【記者座談会】東京都入契制度改革で混在する入札不調と低価格受注は改善できるか/霞が関ビル50年、大手町ビル60年 | 建設通信新聞Digital

5月3日 金曜日

公式ブログ

【記者座談会】東京都入契制度改革で混在する入札不調と低価格受注は改善できるか/霞が関ビル50年、大手町ビル60年

A 小池百合子知事の肝煎りで、建設産業界から見れば突然、強行した形となった東京都の入札契約制度改革から約1年。26日には1団体10分間の検証ヒアリングも終わった。
B 入札契約制度改革に建設産業界の関心が集まったのは、制度変更の中身だけでなく、派生した課題が浮き彫りになったからだ。例えば、入札不調の件数が増加する一方で、低価格受注が目立ったことが代表と言える。相反する関係の2つのキーワードがここまで明確化したのは珍しい。
C 入札不調が、都内中小建設業が応札する小規模工事から、大手企業が応札する財務局案件と呼ばれる規模まで、一般土木工事を筆頭に拡大したのは、企業の応札価格よりも都の予定価格が下回っているからだ。業界的に言えば、応札価格を構成する各単価と経費の計上について、民間の実態に官積算が対応しきれていないことになる。
A 官積算が民間実態に対応できていない中で、なぜ低価格受注は起きるのか。
D 多くの場合は、工事実績確保が理由だ。いま、公共工事は一定規模が確保されているけど、先行きを厳しく見る向きは多い。そうなると、同種工事の実績が応札条件の場合、発注案件が今後少なくなることが予想される工事には、応札も集中する。企業にとっては戦略的受注だから、通常の応札判断とは当然違う。
B 相反する出来事が同時に起きることは、責任を持った発注者なら昔から理解している。しかしいまの東京都のように、一部の学識者の主張が行政の声をはねのけて制度改正の形で通用してしまう現状の中、入札不調改善のための取り組みが果たしてどこまでできるか不安を抱く傾向が強いのは事実だ。
C 確かに。東京都も週休2日工事が拡大した時、国土交通省が合わせる形で踏み切った補正係数導入や積算基準改定などタイムリーな対応ができるかどうか、注目する必要がある。

「経年優化」を体現 サービスで価値を高めるビル

霞が関ビルではビル全体を光アートが包み込むイベント「KASUMI NIGHT TERRACE」を5月31日まで開催中。
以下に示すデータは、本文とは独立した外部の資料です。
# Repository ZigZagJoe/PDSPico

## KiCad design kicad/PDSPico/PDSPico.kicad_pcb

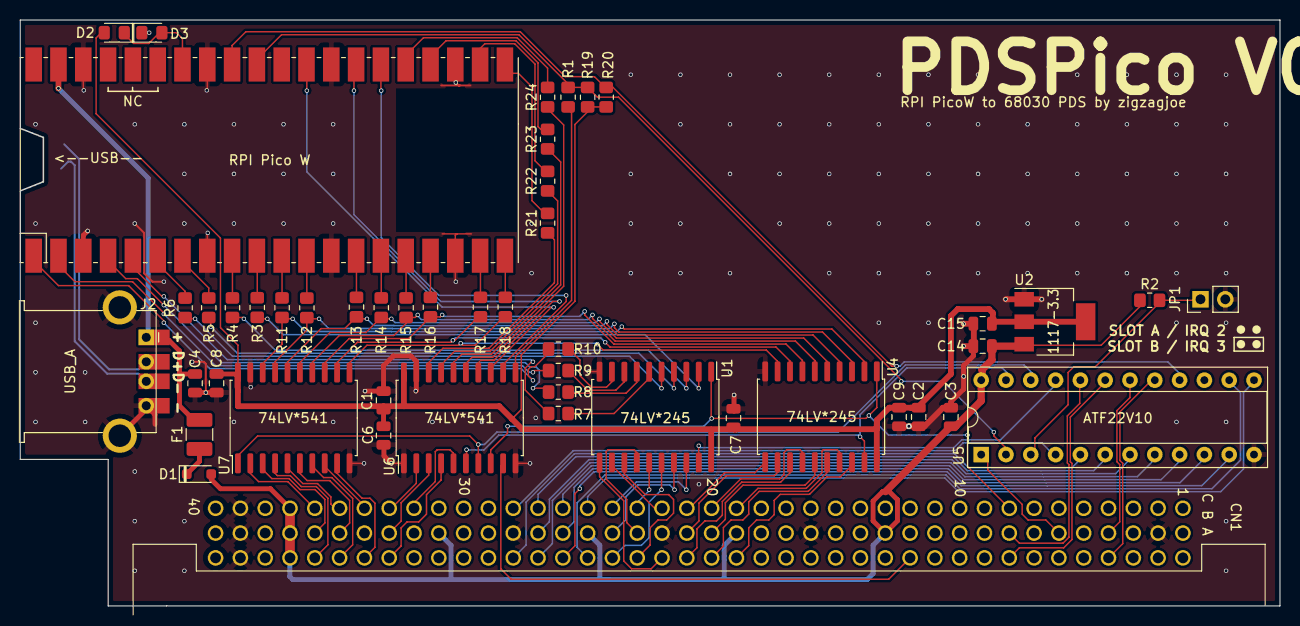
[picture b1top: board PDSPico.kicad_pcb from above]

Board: 2 copper layers, 129.0 x 59.9 mm, 49 parts (1 on the bottom side), 103 nets.

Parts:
C1, C2: 22uF; C_0805_2012Metric
C3, C6, C7, C8, C9: 220nf; C_0805_2012Metric
C4, C14, C15: 22uf; C_0805_2012Metric
CN1: PDS_LB_MALE; 650949-5 RA MALE
D1: D_Schottky; D_SOD-323_HandSoldering
D2: RED; LED_0805_2012Metric_Pad1.15x1.40mm_HandSolder
D3: GRN; LED_0805_2012Metric_Pad1.15x1.40mm_HandSolder
F1: 1.1A 6V; Fuse_1210_3225Metric_Pad1.42x2.65mm_HandSolder
J2: USB_A; USB_A_Horizontal_Generic
JP1: SLOT; PinHeader_1x02_P2.54mm_Vertical
R1: 1K; R_0805_2012Metric_Pad1.20x1.40mm_HandSolder
R2, R19, R20: 4.7K; R_0805_2012Metric_Pad1.20x1.40mm_HandSolder
R3, R4, R5, R6, R7, R8, R9, R10, R11, R12, R13, R14, R15, R16, R17, R18, R21, R22, R23, R24: 200; R_0805_2012Metric_Pad1.20x1.40mm_HandSolder
TP1: USB_DATA; TestPoint-2 RRect 1.5mmX2mm
U1, U4: 74LV*245; SOIC-20W_7.5x12.8mm_P1.27mm
U2: 1117-3.3; SOT-223-3_TabPin2
U3: RPI Pico W; RPi_Pico_SMD
U5: ATF22V10; DIP-24_W7.62mm_Socket
U6, U7: 74LV*541; SOIC-20W_7.5x12.8mm_P1.27mm

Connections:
+3V3: C1.1, C2.1, C6.1, C7.1, C8.1, C9.1, C15.1, D2.2 (A), R19.2, R20.1, U1.20 (VCC), U2.2 (VO), U4.20 (VCC), U6.20 (VCC), U7.20 (VCC)
+5V: C3.1, C14.1, CN1.A37 (+5V), CN1.B13 (+5V), CN1.B19 (+5V), CN1.B25 (+5V), CN1.B31 (+5V), CN1.B37 (+5V), CN1.C37 (+5V), D1.2 (A), R2.1, U2.3 (VI), U5.24 (VCC)
/A0: CN1.C36 (A0), U7.2 (A0)
/A1: CN1.B36 (A1), U7.3 (A1)
/A2: CN1.A36 (A2), U7.4 (A2)
/A3: CN1.C35 (A3), U7.5 (A3)
/A4: CN1.B35 (A4), U7.6 (A4)
/A5: CN1.A35 (A5), U7.7 (A5)
/A6: CN1.C34 (A6), U7.8 (A6)
/A7: CN1.A34 (A7), U7.9 (A7)
/A8: CN1.C33 (A8), U6.2 (A0)
/A9: CN1.B33 (A9), U6.3 (A1)
/A10: CN1.A33 (A10), U6.4 (A2)
/A11: CN1.C32 (A11), U6.5 (A3)
/A22: CN1.C28 (A22), U5.4 (I3/PD)
/A23: CN1.A28 (A23), U5.5 (I4)
/A24: CN1.C27 (A24), U5.6 (I5)
/A25: CN1.B27 (A25), U5.7 (I6)
/A26: CN1.A27 (A26), U5.8 (I7)
/A27: CN1.C26 (A27), U5.9 (I8)
/A28: CN1.B26 (A28), U5.10 (I9)
/A29: CN1.A26 (A29), U5.11 (I10)
/A30: CN1.C25 (A30), U5.13 (I11/~OE)
/A31: CN1.A25 (A31), U5.14 (IO10)
/BA8: R21.1, U6.18 (Y0)
/BA9: R22.1, U6.17 (Y1)
/BA10: R23.1, U6.16 (Y2)
/BA11: R24.1, U6.15 (Y3)
/BD0: R10.1, U3.1 (GPIO0)
/BD1: R9.1, U3.2 (GPIO1)
/BD2: R8.1, U3.4 (GPIO2)
/BD3: R7.1, U3.5 (GPIO3)
/BD4: R6.1, U3.6 (GPIO4)
/BD5: R5.1, U3.7 (GPIO5)
/BD6: R4.1, U3.9 (GPIO6)
/BD7: R3.1, U3.10 (GPIO7)
/BD8: R11.1, U3.11 (GPIO8)
/BD9: R12.1, U3.12 (GPIO9)
/BD10: R13.1, U3.14 (GPIO10)
/BD11: R14.1, U3.15 (GPIO11)
/BD12: R15.1, U3.16 (GPIO12)
/BD13: R16.1, U3.17 (GPIO13)
/BD14: R17.1, U3.19 (GPIO14)
/BD15: R18.1, U3.20 (GPIO15)
/B_RESET: R1.2, U6.11 (Y7)
/B_R/W: U3.26 (GPIO20), U6.12 (Y6)
/B_SEL.PICO: U3.27 (GPIO21), U6.14 (Y4)
/B_SEL.ROM: U3.29 (GPIO22), U6.13 (Y5)
/D16: CN1.A19 (D16), U4.18 (B0)
/D17: CN1.C19 (D17), U4.17 (B1)
/D18: CN1.A20 (D18), U4.16 (B2)
/D19: CN1.B20 (D19), U4.15 (B3)
/D20: CN1.C20 (D20), U4.14 (B4)
/D21: CN1.A21 (D21), U4.13 (B5)
/D22: CN1.B21 (D22), U4.12 (B6)
/D23: CN1.C21 (D23), U4.11 (B7)
/D24: CN1.A22 (D24), U1.11 (B7)
/D25: CN1.C22 (D25), U1.12 (B6)
/D26: CN1.A23 (D26), U1.13 (B5)
/D27: CN1.B23 (D27), U1.14 (B4)
/D28: CN1.C23 (D28), U1.15 (B3)
/D29: CN1.A24 (D29), U1.16 (B2)
/D30: CN1.B24 (D30), U1.17 (B1)
/D31: CN1.C24 (D31), U1.18 (B0)
/D+: J2.3 (D+), TP1.1
/D-: J2.2 (D-), TP1.2
/DS: CN1.B6 (~DS), U5.1 (I/CLK)
/DSACK0: CN1.B8 (~DSACK0), U5.20 (IO4)
/DSACK1: CN1.A8 (~DSACK1), U5.19 (IO5)
/DSACK.PICO: R1.1, R19.1, U3.31 (GPIO26_ADC0), U5.2 (I1)
/IRQ2: CN1.B4 (~IRQ2), U5.18 (IO6)
/IRQ3: CN1.A4 (~IRQ3), U5.17 (IO7)
/IRQ.PICO: R20.2, U3.32 (GPIO27_ADC1), U5.16 (IO8)
/LED_OUT: D2.1 (K), D3.2 (A), U3.34 (GPIO28_ADC2)
/PICO_VSYS: C4.1, F1.2, J2.1 (VBUS), U3.39 (VSYS)
/RESET: CN1.A12 (~RESET), U6.9 (A7)
/R/W: CN1.C8 (R/~W), U1.1 (A->B), U4.1 (A->B), U6.8 (A6)
/SEL.PICO: U4.19 (CE), U5.23 (IO1), U6.6 (A4)
/SEL.ROM: U5.22 (IO2), U6.7 (A5), U7.1 (G1)
/SEL.SLOT: U1.19 (CE), U5.21 (I03)
/SLOT_ID: JP1.1 (A), R2.2, U5.3 (I2)
GND: C1.2, C2.2, C3.2, C4.2, C6.2, C7.2, C8.2, C9.2, C14.2, C15.2, CN1.A39 (GND), CN1.B2 (GND), CN1.B16 (GND), CN1.B22 (GND), CN1.B28 (GND), CN1.B34 (GND), CN1.B39 (GND), CN1.C39 (GND), D3.1 (K), J2.4 (GND), J2.5 (Shield), JP1.2 (B), U1.10 (GND), U2.1 (GND), U3.3 (GND), U3.8 (GND), U3.13 (GND), U3.18 (GND), U3.23 (GND), U3.28 (GND), U3.33 (AGND), U3.38 (GND), U4.10 (GND), U5.12 (GND), U6.1 (G1), U6.10 (GND), U6.19 (G2), U7.10 (GND), U7.19 (G2)
unnamed: D1.1 (K), F1.1
unnamed: R3.2, U1.2 (A0)
unnamed: R4.2, U1.3 (A1)
unnamed: R5.2, U1.4 (A2)
unnamed: R6.2, U1.5 (A3)
unnamed: R7.2, U1.6 (A4)
unnamed: R8.2, U1.7 (A5)
unnamed: R9.2, U1.8 (A6)
unnamed: R10.2, U1.9 (A7)
unnamed: R21.2, U3.21 (GPIO16)
unnamed: R22.2, U3.22 (GPIO17)
unnamed: R23.2, U3.24 (GPIO18)
unnamed: R24.2, U3.25 (GPIO19)
unnamed: R11.2, U4.2 (A0), U7.18 (Y0)
unnamed: R12.2, U4.3 (A1), U7.17 (Y1)
unnamed: R13.2, U4.4 (A2), U7.16 (Y2)
unnamed: R14.2, U4.5 (A3), U7.15 (Y3)
unnamed: R15.2, U4.6 (A4), U7.14 (Y4)
unnamed: R16.2, U4.7 (A5), U7.13 (Y5)
unnamed: R17.2, U4.8 (A6), U7.12 (Y6)
unnamed: R18.2, U4.9 (A7), U7.11 (Y7)

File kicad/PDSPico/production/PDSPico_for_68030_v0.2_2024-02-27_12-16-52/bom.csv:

Designator,Footprint,Quantity,Value,LCSC Part #
"C1, C14, C15, C2, C4",0805,5,22uF,C45783
"C3, C6, C7, C8, C9",0805,5,220nf,C5378
CN1,650949-5 RA MALE,1,PDS_LB_MALE,C3652939
D1,D_SOD-323_HandSoldering,1,D_Schottky,C191023
D2,0805,1,RED,C84256
D3,0805,1,GRN,C2297
F1,1210,1,1.1A 6V,C2649912
J2,USB_A_Horizontal_Generic,1,USB_A,C720525
JP1,PinHeader_1x02_P2.54mm_Vertical,1,SLOT,N/A
R1,0805,1,1K,C17513
"R10, R11, R12, R13, R14, R15, R16, R17, R18, R21, R22, R23, R24, R3, R4, R5, R6, R7, R8, R9",0805,20,200,C17540
"R19, R2, R20",0805,3,4.7K,C17673
TP1,TestPoint-2 RRect 1.5mmX2mm,1,USB_DATA,N/A
"U1, U4",SOIC-20W_7.5x12.8mm_P1.27mm,2,74LV*245,C571201
U2,SOT-223-3_TabPin2,1,1117-3.3,C6186
U3,RPi_Pico_SMD,1,RPI Pico W,N/A
U5,DIP-24_W7.62mm_Socket,1,ATF22V10,C146581
"U6, U7",SOIC-20W_7.5x12.8mm_P1.27mm,2,74LV*541,C2652110

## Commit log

2024-02-27 remove files
2024-02-27 add schematic
2024-02-27 finish lame testbed code for hardware validation
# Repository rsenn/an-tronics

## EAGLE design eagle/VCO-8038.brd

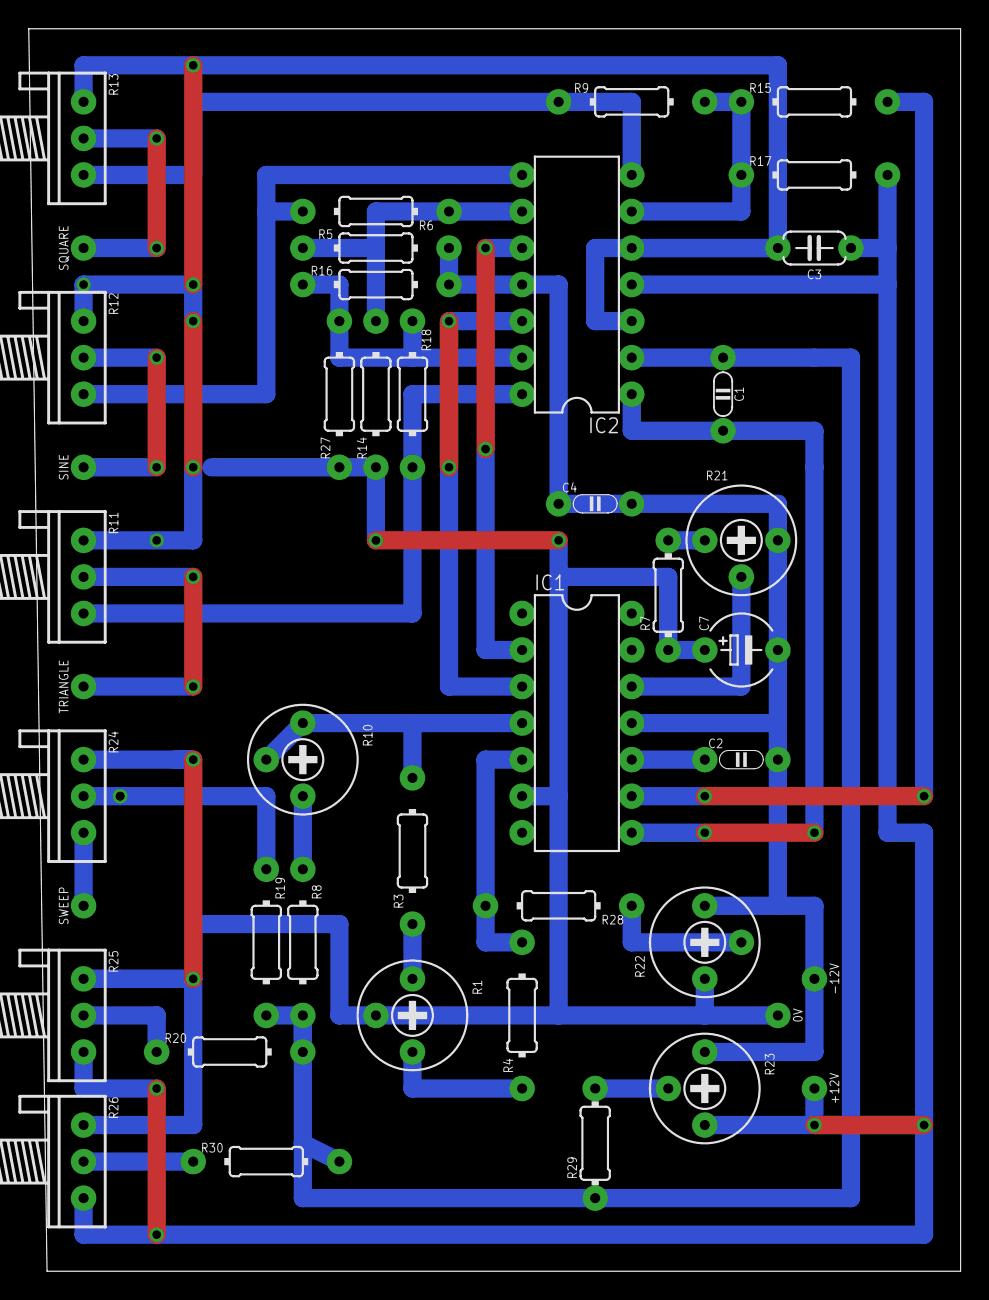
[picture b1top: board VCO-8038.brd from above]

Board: 2 copper layers, 64.8 x 86.4 mm, 43 parts (0 on the bottom side), 31 nets.

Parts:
0V: SPAD
+12V: SPAD
-12V: SPAD
C1: 1nF; C050-020X036/V
C2: 4.7nF; C050-020X036
C3: 10nF; C050-024X044
C4: 10nF; C050-020X036
C7: 4.7μF; E5-5/V
IC1: 8038; DIL14
IC2: TL074_; DIL14
R1: 1kΩ; R-TRIM
R3, R4: 1.5kΩ; 0204/10
R5, R17: 5.6kΩ; 0204/10
R6, R8, R9: 10kΩ; 0204/10
R7: 10kΩ; 0204/7
R10: 10kΩ; R-TRIM
R11, R12, R13: 10kΩ; POT
R14, R15: 12kΩ; 0204/10
R16: 24kΩ; 0204/10
R18: 30kΩ; 0204/10
R19, R20: 100kΩ; 0204/10
R21, R22, R23: 100kΩ; R-TRIM
R24, R25, R26: 100kΩ; POT
R27: 120kΩ; 0204/10
R28: 470kΩ; 0204/10
R29: 10MΩ; 0204/7
R30: 10MΩ; 0204/10
SINE: SPAD
SQUARE: SPAD
SWEEP: SPAD
TRIANGLE: SPAD

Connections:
GND: 0V.1, C3.2, C4.1, C7.+, IC1.6, IC2.3, IC2.5, R1.2, R7.1, R11.A, R12.A, R13.A, R14.1, R22.1, R24.A, R25.A, R26.A, R27.1
LF_SYMM: R22.2, R28.1
unnamed: R23.2, R29.2
unnamed: C1.2, IC1.8, IC2.1
unnamed: C1.1, IC2.2, R8.2, R19.2, R20.2, R29.1, R30.2
unnamed: R26.S, R30.1
unnamed: R20.1, R25.S
unnamed: R19.1, R24.S
unnamed: R24.E, SWEEP.1
unnamed: R8.1, R10.3
unnamed: R1.1, R3.1
unnamed: R1.3, R4.1
unnamed: IC1.4, R3.2, R10.1, R10.2
unnamed: IC2.13, R16.1, R18.1, R27.2
unnamed: IC1.5, R4.2, R28.2
unnamed: IC2.14, R11.E, R18.2
unnamed: R11.S, TRIANGLE.1
unnamed: IC1.3, IC2.12
unnamed: IC2.9, R5.1, R6.1, R14.2
unnamed: IC2.8, R6.2, R12.E
unnamed: R12.S, SINE.1
unnamed: IC1.2, IC2.10
unnamed: R7.2, R21.1
unnamed: IC1.12, R21.2
unnamed: C2.1, IC1.10
unnamed: IC2.6, R9.2, R15.1, R17.1
unnamed: IC2.7, R9.1, R13.E
unnamed: R13.S, SQUARE.1
unnamed: IC1.9, R15.2
V+: +12V.1, C3.1, IC2.4, R17.2, R23.3, R25.E, R26.E
V-: -12V.1, C2.2, C4.2, C7.-, IC1.11, IC2.11, R5.2, R16.2, R21.3, R22.3, R23.1

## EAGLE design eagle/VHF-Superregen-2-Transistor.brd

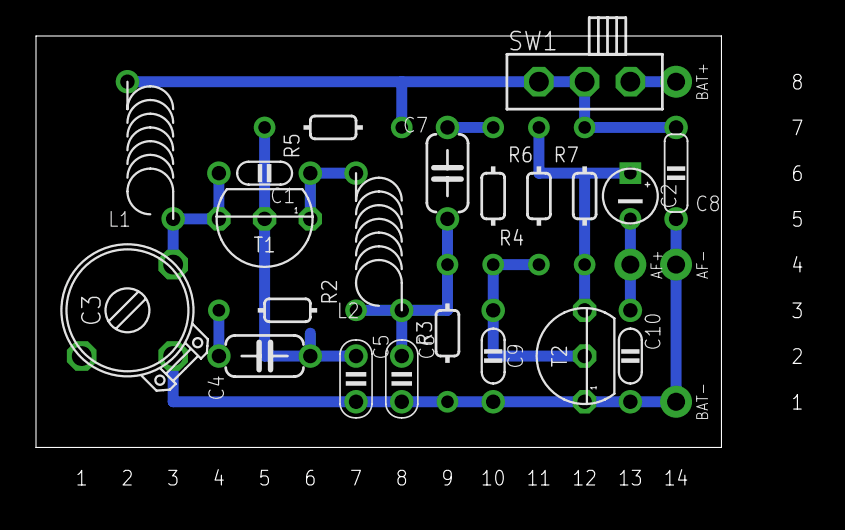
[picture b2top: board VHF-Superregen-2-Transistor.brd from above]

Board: 2 copper layers, 38.1 x 22.9 mm, 25 parts (0 on the bottom side), 12 nets.

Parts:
AF+: SPAD
AF-: SPAD
BAT+: SPAD
BAT-: SPAD
C1: 7p; C050-020X036
C2: 2.2u; E2,5-3
C3: 15p; TRIM-2222-808
C4, C7: 470n; C050-024X044/V
C5, C6: 1n; C025-020X036
C8: 100n; C050-020X044/V
C9: 10n; C050-020X036/V
C10: 47n; C050-020X036
L1, L2: 6; L-04/7V
R2: 12k; 0202/7-V
R3: 10k; 0202/7
R4: 22k; 0202/7-V
R5: 330k; 0202/7-V
R6: 220k; 0202/7-V
R7: 4.7k; 0202/7-V
SW1: SL-SW-1P-2T-H; SLSW-1P2T-H
T1, T2: 2N3904; TO92

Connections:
GND: AF-.1, BAT-.1, C3.2, C5.2, C6.2, C8.2, C9.2, C10.2, R3.2, T2.1
unnamed: C1.2, C3.3, L1.1, T1.3
unnamed: C1.1, L2.2, T1.1
unnamed: C7.1, R4.1
unnamed: C4.2, C5.1, R5.2, T1.2
unnamed: C2.+, R6.2, R7.1, T2.3
unnamed: C6.1, C7.2, L2.1, R2.2, R3.1
unnamed: C4.1, R2.1
unnamed: BAT+.1, SW1.1
unnamed: C9.1, R4.2, R6.1, T2.2
unnamed: AF+.1, C2.-, C10.1
VCC: C8.1, L1.2, R5.1, R7.2, SW1.3

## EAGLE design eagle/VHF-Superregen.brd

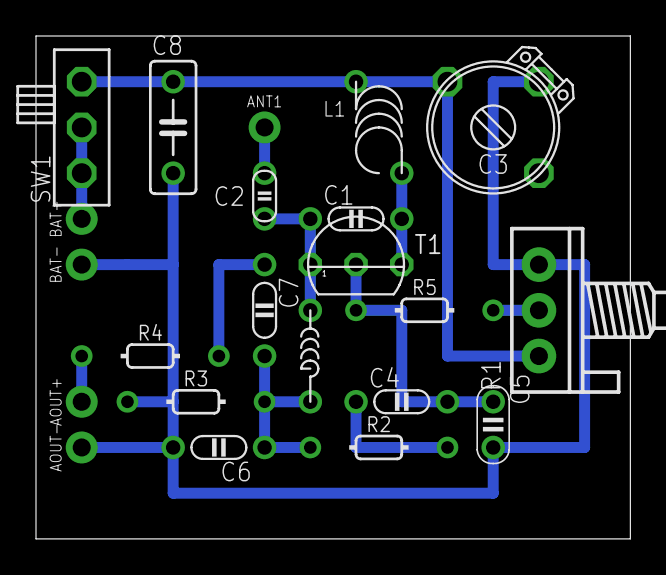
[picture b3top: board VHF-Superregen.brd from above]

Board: 2 copper layers, 33.0 x 27.9 mm, 22 parts (0 on the bottom side), 12 nets.

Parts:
ANT1: ANT; SPAD
AOUT+: SPAD
AOUT-: SPAD
BAT+: SPAD
BAT-: SPAD
C1: 6p; C050-020X036
C2: 2p; C025-015X024
C3: 15 - 140p; TRIM-2222-808
C4, C7: 470n; C050-020X036
C5: 1n; C025-020X036
C6: 1n; C050-020X036
C8: C050-025X075
L1: 6turns on d=0.7mm; L-04-5/5V
L2: L-SHORT02/5; L-02/5V
R1: 47k; POT
R2, R3: 12k; 0202/7
R4: 22k; 0202/7
R5: 68; 0202/7
SW1: SL-SW-1P-2T-H; SLSW-1P2T-H
T1: 2N3904; TO92

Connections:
GND: AOUT-.1, BAT-.1, C3.2, C5.2, C6.2, C8.2, R1.3, R3.2
unnamed: C1.2, L1.2, T1.3
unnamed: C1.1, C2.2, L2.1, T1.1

“デジタル掛け軸”は地球の自転速度に合わせ変化し続け、同じ風景は二度と見ることができない一期一会のアート


A 話は変わるけど、三井不動産による日本初の超高層「霞が関ビルディング」(東京都千代田区)が今月12日、竣工50周年を迎えた。都市計画法や建築基準法の改正、ゼネコンなどによる最先端技術の導入など、当時の官民双方の先進的な取り組みによって実現したプロジェクトだ。
B 三井不動産の岩沙弘道会長が社長時代から口癖のように言っていた「経年優化」を、体現したビルの1つでもある。完成後も、隣接する再開発事業「霞が関コモンゲート」と連携し、エリア全体の魅力向上に貢献している。50周年はあくまで「折り返し地点」との位置付けであり、次の50年に向けてさらに進化させていくとした。
D 一方、霞が関ビルのさらに上を行くのが「大手町ビルヂング」(千代田区)だ。この4月で竣工60周年を迎えた。高さ200m級のビルもある大手町エリアだが、大手町ビルは東西方向に200mと長く、当時は「東洋一」のビルとも評された。日本で初めて全館冷房を採用したビルでもある。
B いま、大手町ビルには金融デジタル革命を目指す「FINOLAB(フィノラボ)」などが入居している。築60年とはいえ、大胆なリノベーションによって内部はとてもオシャレで、新旧が入り混じった別世界とも言える雰囲気を持つ。
D 三菱地所の杉山博孝会長は昨年、大手町ビルについて「すべてのビルが建て替えではなく、サービスによってより価値を高める方法がある」と述べていた。躯体が非常に強固なため、今後も大胆な大規模改修を計画している。